Segment Start: Material for the task

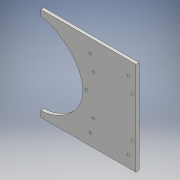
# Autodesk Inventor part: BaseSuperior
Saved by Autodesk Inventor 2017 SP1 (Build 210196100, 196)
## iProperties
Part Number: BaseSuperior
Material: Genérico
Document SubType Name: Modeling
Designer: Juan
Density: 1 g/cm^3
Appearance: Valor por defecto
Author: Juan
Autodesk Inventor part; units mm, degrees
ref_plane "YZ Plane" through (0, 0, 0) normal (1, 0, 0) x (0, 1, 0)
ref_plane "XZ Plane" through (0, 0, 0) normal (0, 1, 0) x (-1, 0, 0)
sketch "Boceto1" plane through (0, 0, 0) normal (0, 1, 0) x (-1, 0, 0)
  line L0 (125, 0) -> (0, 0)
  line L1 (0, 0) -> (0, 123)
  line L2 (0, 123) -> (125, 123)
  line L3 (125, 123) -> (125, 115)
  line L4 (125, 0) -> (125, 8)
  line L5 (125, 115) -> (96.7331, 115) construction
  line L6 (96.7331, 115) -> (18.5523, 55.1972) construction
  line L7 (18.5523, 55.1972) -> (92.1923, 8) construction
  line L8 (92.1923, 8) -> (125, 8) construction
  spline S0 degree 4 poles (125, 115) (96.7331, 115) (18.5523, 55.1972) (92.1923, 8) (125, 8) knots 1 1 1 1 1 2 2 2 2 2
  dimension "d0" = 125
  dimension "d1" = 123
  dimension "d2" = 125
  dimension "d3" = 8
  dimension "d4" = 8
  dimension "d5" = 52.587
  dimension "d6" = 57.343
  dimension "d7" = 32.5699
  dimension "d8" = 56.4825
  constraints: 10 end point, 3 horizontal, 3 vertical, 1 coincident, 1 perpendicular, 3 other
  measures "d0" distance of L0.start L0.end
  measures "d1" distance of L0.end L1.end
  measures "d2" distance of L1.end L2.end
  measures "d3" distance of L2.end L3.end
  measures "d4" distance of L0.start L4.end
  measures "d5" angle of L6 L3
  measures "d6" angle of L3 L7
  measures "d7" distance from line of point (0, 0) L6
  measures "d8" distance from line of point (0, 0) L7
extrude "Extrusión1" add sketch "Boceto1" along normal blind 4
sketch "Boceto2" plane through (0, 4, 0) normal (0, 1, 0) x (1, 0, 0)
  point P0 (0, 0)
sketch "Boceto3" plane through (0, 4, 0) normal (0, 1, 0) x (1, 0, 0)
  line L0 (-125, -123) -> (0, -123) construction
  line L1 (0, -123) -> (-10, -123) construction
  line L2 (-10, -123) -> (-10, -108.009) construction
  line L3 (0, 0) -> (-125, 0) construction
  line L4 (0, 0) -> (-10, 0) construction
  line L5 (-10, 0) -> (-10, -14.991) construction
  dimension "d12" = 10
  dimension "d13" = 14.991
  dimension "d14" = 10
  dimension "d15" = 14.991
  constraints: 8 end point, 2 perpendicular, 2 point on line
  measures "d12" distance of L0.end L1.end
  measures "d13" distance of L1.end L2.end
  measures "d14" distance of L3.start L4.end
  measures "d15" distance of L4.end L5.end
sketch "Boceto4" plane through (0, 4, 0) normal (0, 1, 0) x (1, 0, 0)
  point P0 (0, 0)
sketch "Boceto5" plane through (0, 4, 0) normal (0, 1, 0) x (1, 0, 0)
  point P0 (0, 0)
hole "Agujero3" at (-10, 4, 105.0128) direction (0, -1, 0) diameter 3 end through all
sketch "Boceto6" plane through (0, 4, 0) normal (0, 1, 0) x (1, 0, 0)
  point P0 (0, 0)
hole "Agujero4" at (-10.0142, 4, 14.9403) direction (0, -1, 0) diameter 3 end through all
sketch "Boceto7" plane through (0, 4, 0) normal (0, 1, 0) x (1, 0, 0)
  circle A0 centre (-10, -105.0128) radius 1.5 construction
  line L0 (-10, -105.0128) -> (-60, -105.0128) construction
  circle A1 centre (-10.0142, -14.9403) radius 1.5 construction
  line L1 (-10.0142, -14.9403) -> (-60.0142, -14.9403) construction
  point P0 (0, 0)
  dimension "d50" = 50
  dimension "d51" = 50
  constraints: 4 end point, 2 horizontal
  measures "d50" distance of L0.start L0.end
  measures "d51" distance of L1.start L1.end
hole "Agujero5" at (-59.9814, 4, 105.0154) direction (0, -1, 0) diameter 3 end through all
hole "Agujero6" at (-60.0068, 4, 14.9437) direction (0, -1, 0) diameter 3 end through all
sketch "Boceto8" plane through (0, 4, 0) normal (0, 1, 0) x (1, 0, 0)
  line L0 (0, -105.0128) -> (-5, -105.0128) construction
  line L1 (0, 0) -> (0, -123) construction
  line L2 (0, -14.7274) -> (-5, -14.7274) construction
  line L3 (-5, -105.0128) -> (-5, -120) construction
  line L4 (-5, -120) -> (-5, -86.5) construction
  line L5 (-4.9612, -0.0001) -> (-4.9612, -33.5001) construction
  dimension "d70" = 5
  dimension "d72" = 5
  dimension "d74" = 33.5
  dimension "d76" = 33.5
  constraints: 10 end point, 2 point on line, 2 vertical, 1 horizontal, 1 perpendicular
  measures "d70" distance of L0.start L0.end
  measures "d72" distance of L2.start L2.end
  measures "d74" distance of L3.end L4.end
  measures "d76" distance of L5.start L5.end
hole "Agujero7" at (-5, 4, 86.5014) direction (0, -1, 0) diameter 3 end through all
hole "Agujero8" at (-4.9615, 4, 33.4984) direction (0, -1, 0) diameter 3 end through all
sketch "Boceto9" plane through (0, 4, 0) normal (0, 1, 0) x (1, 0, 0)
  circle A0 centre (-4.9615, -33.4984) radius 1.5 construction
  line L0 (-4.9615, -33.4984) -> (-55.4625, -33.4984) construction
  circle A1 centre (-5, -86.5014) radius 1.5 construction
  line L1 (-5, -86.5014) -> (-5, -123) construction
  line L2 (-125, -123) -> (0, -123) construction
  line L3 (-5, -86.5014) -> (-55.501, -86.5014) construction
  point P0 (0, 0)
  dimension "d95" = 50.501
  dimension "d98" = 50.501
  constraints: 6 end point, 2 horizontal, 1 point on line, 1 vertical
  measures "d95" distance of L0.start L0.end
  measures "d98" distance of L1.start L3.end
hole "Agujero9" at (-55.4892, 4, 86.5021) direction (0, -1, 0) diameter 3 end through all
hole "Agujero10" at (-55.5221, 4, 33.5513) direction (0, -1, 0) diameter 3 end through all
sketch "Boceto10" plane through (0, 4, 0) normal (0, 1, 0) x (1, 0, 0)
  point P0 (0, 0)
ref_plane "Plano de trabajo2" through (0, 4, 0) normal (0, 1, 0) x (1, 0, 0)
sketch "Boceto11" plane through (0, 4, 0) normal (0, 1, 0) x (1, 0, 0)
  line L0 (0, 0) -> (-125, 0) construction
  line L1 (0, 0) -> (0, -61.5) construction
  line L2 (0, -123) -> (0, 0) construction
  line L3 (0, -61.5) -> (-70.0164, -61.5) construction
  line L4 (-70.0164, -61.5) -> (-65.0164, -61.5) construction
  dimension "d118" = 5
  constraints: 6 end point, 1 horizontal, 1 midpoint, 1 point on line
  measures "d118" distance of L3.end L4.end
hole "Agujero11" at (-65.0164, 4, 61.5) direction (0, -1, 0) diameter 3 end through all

Segment End: Material for the task

Using the entries above, output exactly the lines between the line holding "line L2 (-125, -123)" and the line holding "of L1.start L3.end", end lines included, and nothing more.

  line L2 (-125, -123) -> (0, -123) construction
  line L3 (-5, -86.5014) -> (-55.501, -86.5014) construction
  point P0 (0, 0)
  dimension "d95" = 50.501
  dimension "d98" = 50.501
  constraints: 6 end point, 2 horizontal, 1 point on line, 1 vertical
  measures "d95" distance of L0.start L0.end
  measures "d98" distance of L1.start L3.end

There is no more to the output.